Man browsing on phone representing male career hacks.

Cryptocurrency! It is a thing. At the moment, that’s about all that can be said on the subject of Bitcoin and pals. With the current boom and/or bubble in Bitcoin, any statement on cryptocurrency beyond “it exists” is doomed to the depths of grinding, pedantic Internet debate, plus the occasional crazy person shouting about it being a) our salvation; b) the downfall of the West; c) both.

Which sucks, because there’s something you need to know if you’re involved with web design, cryptocurrency, or just don’t like strangers futzing with your things. Hackers can swipe your computer’s processing power to mine cryptocurrency without your knowledge or consent.

By itself, cryptocurrency mining isn’t a bad thing. In fact, it’s a necessary thing. Blockchains are distributed: they get the processing power they need to function from any available computers on their chains. As an incentive to keep processor cycles available, the computer that completes a given task receives a small bonus in the blockchain currency. “Mining” just means going out of your way to be that computer, typically by having as much processing power available as possible.

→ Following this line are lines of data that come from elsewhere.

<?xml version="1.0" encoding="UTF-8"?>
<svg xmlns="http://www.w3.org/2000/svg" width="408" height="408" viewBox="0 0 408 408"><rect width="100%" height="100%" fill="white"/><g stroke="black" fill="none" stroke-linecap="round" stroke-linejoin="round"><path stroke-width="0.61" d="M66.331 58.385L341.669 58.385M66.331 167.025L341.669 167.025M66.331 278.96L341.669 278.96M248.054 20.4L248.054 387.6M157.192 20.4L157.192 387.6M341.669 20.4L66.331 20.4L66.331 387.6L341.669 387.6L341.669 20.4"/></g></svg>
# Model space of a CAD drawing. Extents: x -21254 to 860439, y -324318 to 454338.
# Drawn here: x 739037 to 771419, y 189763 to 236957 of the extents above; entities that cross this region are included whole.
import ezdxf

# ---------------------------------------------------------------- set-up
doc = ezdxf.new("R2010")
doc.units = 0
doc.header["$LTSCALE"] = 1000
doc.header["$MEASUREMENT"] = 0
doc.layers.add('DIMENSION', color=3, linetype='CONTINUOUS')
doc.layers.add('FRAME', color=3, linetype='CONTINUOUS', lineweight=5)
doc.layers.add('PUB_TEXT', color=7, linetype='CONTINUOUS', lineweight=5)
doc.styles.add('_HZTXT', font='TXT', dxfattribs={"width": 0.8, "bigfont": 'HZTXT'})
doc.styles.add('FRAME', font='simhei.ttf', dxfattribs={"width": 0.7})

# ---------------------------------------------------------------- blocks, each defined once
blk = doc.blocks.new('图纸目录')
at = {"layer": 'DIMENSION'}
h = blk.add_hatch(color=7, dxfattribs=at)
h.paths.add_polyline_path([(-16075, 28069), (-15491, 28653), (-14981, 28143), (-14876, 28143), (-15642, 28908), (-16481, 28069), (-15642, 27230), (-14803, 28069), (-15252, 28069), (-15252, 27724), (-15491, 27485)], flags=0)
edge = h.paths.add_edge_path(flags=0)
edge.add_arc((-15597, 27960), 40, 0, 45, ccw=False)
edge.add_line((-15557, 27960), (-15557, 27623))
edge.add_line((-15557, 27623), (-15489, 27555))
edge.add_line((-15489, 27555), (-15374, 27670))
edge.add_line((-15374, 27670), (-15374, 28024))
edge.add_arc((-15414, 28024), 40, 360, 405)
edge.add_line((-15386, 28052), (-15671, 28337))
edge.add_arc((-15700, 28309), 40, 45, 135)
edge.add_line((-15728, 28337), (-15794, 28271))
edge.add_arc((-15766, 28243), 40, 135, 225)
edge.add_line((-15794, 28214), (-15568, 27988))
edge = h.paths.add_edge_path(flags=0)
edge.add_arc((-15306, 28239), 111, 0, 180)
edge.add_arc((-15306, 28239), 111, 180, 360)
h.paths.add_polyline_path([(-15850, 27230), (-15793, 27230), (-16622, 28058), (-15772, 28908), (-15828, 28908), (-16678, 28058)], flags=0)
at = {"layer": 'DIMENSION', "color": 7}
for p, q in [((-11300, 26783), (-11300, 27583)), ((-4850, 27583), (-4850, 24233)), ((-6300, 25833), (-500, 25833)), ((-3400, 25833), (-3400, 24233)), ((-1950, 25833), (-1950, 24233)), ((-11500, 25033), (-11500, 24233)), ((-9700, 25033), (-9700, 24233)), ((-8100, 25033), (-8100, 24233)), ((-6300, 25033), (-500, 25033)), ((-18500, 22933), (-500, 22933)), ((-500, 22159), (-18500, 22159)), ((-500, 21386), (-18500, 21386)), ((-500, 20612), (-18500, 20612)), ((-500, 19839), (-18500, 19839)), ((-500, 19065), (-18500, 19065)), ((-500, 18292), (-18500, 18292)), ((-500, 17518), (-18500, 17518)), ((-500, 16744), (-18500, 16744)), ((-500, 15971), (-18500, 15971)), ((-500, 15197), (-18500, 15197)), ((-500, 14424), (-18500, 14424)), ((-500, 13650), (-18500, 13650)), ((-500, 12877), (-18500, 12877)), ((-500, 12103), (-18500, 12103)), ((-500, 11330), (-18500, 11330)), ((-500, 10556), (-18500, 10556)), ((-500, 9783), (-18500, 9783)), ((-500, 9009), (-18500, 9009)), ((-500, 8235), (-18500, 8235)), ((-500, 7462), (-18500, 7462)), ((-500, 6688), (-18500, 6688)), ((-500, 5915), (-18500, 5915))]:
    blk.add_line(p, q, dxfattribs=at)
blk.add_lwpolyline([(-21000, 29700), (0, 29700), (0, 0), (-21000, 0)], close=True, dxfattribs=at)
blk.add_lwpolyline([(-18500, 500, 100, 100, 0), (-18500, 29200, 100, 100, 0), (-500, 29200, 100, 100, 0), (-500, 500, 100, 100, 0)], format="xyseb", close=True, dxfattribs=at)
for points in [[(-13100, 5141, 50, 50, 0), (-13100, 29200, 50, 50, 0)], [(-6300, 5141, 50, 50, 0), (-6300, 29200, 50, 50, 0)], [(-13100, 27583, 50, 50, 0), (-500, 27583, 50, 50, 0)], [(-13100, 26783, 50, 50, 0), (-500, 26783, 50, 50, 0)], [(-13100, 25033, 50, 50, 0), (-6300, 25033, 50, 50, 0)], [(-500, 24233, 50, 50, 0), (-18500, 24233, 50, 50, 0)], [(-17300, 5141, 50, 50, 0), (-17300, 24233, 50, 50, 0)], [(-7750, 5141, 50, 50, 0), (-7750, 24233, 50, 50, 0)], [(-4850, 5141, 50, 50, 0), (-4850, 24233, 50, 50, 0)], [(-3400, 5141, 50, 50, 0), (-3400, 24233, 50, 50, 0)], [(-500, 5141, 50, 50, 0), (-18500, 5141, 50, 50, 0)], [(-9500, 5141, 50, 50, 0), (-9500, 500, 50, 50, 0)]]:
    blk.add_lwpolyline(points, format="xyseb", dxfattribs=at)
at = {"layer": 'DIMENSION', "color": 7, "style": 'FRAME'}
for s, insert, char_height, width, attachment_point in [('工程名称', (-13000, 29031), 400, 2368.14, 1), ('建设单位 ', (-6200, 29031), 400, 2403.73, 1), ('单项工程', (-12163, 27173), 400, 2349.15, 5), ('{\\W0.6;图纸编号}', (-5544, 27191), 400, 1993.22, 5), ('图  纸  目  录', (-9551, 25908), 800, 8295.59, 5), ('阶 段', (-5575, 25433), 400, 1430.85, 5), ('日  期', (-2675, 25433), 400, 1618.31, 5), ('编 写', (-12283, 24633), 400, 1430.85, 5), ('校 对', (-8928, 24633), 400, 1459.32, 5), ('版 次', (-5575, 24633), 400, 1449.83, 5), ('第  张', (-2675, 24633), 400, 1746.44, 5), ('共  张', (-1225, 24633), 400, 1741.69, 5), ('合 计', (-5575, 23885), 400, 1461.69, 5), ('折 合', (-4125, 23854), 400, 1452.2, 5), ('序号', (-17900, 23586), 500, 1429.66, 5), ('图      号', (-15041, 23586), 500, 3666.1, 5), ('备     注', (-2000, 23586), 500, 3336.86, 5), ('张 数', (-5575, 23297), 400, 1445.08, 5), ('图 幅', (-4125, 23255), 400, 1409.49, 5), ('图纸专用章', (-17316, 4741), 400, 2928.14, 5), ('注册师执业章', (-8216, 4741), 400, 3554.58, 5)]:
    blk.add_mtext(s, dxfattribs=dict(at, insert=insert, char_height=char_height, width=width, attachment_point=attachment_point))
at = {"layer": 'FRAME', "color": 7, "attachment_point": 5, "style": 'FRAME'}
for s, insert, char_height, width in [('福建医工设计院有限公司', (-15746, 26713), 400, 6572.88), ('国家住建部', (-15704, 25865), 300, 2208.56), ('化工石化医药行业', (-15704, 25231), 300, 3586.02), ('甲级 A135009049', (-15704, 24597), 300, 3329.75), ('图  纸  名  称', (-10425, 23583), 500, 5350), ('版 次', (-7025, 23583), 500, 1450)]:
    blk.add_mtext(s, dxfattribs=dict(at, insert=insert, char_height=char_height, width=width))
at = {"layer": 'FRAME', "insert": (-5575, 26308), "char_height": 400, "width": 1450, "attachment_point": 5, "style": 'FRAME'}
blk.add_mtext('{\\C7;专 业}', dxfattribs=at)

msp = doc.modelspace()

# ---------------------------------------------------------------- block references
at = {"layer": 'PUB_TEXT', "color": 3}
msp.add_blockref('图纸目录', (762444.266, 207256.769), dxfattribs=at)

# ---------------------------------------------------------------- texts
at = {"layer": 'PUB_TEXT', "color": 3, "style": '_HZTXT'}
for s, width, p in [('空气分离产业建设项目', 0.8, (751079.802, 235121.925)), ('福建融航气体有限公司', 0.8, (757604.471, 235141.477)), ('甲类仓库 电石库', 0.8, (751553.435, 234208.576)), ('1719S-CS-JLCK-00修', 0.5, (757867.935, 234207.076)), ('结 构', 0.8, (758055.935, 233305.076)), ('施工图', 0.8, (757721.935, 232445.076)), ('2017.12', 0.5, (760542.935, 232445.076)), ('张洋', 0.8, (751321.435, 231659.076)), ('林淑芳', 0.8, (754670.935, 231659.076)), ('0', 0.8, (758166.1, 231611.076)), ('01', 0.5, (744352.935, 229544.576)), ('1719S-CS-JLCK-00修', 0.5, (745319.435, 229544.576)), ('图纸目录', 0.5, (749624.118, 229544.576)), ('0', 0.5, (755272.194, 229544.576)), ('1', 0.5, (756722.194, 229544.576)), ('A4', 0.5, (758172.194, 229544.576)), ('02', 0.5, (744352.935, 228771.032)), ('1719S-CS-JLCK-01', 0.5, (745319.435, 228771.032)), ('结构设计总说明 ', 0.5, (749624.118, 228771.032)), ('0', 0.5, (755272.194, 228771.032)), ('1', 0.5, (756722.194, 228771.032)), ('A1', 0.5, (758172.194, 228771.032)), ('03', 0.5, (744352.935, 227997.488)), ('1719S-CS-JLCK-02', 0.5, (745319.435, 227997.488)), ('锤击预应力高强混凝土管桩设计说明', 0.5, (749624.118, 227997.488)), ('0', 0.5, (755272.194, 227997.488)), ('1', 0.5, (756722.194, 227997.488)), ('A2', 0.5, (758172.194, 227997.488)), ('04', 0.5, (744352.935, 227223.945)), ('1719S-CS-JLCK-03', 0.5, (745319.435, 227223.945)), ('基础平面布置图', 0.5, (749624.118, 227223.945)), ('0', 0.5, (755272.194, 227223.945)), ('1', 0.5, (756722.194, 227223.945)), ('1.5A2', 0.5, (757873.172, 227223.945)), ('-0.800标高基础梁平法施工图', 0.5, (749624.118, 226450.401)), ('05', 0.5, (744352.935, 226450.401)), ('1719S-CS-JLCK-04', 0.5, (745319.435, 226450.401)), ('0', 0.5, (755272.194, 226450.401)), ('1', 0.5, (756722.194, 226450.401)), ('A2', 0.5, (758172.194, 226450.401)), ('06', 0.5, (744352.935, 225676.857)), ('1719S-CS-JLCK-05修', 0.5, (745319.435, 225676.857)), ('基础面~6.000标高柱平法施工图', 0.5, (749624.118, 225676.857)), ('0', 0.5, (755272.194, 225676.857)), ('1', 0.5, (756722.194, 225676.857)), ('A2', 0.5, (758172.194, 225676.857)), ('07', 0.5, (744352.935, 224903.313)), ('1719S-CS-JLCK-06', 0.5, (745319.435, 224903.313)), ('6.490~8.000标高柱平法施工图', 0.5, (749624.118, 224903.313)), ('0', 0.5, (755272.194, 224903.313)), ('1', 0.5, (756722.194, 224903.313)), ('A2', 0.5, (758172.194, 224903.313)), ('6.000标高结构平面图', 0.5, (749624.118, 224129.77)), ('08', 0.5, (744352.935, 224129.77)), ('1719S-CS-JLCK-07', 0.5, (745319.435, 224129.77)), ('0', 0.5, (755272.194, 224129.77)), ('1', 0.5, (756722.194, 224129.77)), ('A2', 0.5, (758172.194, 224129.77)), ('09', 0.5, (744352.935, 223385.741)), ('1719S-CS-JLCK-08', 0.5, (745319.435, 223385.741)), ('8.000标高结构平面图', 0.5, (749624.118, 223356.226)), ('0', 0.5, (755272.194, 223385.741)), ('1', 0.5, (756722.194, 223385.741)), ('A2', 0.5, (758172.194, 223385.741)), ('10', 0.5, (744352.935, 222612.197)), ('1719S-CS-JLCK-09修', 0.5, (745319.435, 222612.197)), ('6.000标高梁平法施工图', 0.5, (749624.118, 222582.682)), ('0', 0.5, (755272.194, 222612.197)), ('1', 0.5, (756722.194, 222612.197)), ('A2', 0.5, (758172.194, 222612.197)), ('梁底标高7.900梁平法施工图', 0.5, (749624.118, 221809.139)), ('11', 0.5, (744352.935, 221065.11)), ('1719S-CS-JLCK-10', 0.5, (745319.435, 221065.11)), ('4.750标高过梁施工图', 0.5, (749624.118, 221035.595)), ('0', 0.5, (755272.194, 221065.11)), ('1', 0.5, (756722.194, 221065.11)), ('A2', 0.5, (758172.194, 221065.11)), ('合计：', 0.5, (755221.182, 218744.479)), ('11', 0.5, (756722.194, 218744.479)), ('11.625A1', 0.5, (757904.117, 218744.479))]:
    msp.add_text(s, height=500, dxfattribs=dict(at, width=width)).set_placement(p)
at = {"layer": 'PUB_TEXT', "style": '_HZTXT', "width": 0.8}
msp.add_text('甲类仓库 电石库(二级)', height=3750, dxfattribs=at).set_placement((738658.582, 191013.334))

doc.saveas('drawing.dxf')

But in the glorious Age of the Cloud (which, protip, may not last much longer) “processing power” doesn’t always mean “giant wheezing plastic rectangle.” Finding novel sources for those sweet, sweet processor cycles is proving to be a smart way for lots of folks to monetize. Popular websites, for instance (we wrote about a rather notorious one) have already incorporated in-browser mining scripts into their business model. Their offer is that, instead of suffering through ads or big sad-eyed donation requests, users will be able to proffer a few otherwise unused processor cycles for cryptocurrency mining for as long as they’re on the page.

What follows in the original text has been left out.